Stored data entries —
BEGIN

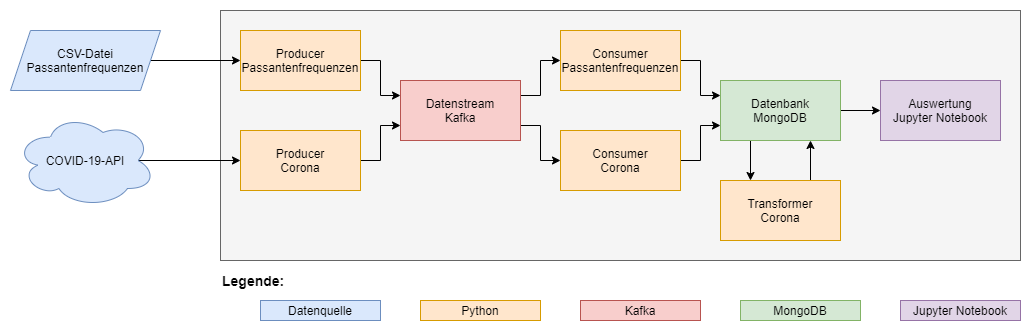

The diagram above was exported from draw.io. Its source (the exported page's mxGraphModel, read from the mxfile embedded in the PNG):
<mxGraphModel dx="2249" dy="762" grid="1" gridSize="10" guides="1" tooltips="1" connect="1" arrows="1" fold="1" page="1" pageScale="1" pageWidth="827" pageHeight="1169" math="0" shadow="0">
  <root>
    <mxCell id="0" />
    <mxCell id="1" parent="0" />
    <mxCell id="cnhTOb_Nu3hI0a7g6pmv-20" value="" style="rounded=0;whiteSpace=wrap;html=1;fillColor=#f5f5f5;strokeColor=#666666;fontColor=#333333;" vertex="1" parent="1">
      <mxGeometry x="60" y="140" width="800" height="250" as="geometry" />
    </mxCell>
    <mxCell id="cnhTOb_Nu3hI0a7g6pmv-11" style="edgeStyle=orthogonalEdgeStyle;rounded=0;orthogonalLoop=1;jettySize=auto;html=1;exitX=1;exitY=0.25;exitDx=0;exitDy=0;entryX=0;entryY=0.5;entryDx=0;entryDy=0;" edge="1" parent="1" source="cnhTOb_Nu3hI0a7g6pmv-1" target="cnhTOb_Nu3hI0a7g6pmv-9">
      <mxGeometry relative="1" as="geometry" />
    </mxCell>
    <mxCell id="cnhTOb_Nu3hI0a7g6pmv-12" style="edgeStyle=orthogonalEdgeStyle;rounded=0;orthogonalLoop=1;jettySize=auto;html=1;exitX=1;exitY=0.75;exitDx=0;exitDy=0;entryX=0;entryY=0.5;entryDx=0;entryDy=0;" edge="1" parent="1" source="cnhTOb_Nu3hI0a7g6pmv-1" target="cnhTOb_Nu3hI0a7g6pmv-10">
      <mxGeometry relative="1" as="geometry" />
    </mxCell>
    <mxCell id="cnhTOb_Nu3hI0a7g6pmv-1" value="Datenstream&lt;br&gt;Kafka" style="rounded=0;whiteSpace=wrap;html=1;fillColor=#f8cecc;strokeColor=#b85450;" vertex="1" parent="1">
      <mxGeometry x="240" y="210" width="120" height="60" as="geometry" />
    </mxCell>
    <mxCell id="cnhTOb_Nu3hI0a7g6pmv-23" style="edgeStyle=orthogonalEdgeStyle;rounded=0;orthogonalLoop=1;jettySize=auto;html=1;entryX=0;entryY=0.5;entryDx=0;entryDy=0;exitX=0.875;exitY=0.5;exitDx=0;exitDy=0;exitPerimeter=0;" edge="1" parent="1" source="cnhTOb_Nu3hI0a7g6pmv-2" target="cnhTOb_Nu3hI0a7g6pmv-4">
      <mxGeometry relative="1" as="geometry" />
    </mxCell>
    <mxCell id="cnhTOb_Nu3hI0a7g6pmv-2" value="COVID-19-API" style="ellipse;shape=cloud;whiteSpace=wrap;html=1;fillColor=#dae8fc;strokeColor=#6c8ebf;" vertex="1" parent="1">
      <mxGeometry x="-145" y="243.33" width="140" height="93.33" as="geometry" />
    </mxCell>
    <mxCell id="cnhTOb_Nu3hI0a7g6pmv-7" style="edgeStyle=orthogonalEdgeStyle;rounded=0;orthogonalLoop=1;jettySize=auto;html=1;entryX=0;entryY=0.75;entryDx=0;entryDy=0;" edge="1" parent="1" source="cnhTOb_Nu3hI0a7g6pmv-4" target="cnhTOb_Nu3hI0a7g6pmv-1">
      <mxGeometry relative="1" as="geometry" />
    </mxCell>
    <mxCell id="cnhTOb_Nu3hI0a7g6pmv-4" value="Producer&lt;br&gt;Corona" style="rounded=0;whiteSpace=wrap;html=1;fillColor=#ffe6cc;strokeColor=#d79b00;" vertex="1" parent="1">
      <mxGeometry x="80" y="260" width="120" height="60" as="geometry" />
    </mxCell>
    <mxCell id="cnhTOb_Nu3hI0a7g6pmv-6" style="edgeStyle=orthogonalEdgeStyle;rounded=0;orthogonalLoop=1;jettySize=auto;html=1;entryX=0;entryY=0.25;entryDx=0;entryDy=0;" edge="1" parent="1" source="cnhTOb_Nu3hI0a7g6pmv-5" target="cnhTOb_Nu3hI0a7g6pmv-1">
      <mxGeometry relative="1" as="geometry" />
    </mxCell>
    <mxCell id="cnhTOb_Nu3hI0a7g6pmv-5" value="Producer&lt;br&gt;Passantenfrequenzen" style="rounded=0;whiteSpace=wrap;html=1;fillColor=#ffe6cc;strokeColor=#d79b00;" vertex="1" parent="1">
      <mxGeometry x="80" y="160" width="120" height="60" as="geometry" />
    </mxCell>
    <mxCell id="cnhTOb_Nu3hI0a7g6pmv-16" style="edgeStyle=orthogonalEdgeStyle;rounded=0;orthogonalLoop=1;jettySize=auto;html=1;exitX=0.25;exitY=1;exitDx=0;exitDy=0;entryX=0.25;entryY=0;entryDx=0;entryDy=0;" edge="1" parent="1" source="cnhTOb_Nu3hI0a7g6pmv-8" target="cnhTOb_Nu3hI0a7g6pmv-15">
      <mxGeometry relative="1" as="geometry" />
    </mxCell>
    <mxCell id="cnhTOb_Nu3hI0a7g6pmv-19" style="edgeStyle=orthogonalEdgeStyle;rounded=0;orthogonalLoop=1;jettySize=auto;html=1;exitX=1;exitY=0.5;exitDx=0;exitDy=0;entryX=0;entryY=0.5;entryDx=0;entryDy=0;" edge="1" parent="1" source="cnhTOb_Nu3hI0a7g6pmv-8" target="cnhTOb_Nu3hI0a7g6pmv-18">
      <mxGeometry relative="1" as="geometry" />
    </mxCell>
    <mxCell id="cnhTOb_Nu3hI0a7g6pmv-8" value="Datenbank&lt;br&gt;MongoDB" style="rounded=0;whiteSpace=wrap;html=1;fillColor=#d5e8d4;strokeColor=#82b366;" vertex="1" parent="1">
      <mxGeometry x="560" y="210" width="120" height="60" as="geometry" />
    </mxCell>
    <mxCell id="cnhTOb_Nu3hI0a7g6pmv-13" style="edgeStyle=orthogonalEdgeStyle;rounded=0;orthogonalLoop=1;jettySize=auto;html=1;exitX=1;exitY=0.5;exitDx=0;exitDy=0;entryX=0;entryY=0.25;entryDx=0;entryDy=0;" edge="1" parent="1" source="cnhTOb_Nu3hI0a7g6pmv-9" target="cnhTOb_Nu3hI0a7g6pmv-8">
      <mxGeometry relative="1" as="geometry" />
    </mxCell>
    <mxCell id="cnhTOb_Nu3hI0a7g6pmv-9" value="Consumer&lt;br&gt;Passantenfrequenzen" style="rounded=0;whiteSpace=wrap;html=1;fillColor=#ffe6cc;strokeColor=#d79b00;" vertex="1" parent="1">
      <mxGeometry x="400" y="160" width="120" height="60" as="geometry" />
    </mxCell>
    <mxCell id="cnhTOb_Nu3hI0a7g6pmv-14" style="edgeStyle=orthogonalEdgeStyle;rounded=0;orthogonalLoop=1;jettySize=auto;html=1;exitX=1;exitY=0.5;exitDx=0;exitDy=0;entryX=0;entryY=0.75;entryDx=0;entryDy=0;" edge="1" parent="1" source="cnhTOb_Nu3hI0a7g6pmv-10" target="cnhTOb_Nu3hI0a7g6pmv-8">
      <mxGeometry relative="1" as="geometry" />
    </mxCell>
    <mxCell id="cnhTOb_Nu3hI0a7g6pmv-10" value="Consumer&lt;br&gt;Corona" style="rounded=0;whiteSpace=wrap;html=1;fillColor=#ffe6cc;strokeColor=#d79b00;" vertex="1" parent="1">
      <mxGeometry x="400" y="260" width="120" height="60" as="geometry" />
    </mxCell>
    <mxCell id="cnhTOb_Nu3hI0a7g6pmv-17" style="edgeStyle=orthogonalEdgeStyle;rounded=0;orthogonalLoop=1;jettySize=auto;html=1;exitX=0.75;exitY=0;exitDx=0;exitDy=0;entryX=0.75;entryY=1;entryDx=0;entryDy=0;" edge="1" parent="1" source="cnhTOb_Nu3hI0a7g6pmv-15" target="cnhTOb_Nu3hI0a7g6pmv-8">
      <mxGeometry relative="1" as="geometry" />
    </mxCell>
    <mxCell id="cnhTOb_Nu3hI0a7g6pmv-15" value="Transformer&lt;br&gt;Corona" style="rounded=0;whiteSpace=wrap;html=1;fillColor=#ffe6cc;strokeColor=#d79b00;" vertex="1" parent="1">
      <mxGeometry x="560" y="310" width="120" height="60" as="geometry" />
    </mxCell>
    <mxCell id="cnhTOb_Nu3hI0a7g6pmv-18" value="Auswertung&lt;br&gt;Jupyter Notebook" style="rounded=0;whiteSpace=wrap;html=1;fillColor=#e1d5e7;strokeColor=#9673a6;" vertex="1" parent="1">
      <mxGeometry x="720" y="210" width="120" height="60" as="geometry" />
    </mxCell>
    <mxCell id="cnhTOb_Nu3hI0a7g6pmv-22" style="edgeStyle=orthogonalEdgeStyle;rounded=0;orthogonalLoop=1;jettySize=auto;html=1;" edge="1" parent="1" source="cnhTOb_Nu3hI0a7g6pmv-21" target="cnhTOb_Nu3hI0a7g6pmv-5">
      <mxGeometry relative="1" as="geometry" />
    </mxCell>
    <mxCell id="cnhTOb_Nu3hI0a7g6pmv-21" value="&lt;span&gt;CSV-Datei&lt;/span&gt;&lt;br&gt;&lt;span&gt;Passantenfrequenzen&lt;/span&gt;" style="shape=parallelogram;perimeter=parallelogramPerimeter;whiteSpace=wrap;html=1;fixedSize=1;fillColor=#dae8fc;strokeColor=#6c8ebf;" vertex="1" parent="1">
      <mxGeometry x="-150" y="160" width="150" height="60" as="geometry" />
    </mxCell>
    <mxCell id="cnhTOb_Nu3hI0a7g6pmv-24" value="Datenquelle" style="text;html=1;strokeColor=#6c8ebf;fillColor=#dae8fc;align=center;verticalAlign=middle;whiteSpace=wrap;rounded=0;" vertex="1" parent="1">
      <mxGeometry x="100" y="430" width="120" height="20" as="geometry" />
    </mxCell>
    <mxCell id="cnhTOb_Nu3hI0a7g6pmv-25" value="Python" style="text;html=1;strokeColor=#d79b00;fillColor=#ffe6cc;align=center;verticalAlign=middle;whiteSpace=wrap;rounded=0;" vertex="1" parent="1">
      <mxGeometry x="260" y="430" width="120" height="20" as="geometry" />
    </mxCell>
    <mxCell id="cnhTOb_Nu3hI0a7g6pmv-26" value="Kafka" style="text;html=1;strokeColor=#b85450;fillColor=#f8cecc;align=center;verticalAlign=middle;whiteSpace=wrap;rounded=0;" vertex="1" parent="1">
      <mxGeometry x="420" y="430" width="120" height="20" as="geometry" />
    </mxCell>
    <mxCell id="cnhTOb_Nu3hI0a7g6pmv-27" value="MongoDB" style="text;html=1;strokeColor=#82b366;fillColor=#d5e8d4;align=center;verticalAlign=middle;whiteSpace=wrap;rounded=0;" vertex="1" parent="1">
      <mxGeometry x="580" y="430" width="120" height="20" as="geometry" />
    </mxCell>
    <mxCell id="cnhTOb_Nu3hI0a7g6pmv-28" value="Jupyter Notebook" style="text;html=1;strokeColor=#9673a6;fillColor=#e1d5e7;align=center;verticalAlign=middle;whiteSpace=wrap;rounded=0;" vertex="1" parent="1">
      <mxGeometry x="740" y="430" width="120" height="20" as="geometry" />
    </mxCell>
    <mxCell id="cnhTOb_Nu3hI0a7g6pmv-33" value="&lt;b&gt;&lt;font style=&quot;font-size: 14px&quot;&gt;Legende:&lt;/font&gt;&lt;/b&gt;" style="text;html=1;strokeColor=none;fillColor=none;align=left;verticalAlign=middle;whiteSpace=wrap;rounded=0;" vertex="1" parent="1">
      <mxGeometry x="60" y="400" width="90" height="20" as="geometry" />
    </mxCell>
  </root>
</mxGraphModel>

END

Instructions to follow — Check each line of the records for the string "Corona" and copy those that have it.

Completed exercise —
    <mxCell id="cnhTOb_Nu3hI0a7g6pmv-4" value="Producer&lt;br&gt;Corona" style="rounded=0;whiteSpace=wrap;html=1;fillColor=#ffe6cc;strokeColor=#d79b00;" vertex="1" parent="1">
    <mxCell id="cnhTOb_Nu3hI0a7g6pmv-10" value="Consumer&lt;br&gt;Corona" style="rounded=0;whiteSpace=wrap;html=1;fillColor=#ffe6cc;strokeColor=#d79b00;" vertex="1" parent="1">
    <mxCell id="cnhTOb_Nu3hI0a7g6pmv-15" value="Transformer&lt;br&gt;Corona" style="rounded=0;whiteSpace=wrap;html=1;fillColor=#ffe6cc;strokeColor=#d79b00;" vertex="1" parent="1">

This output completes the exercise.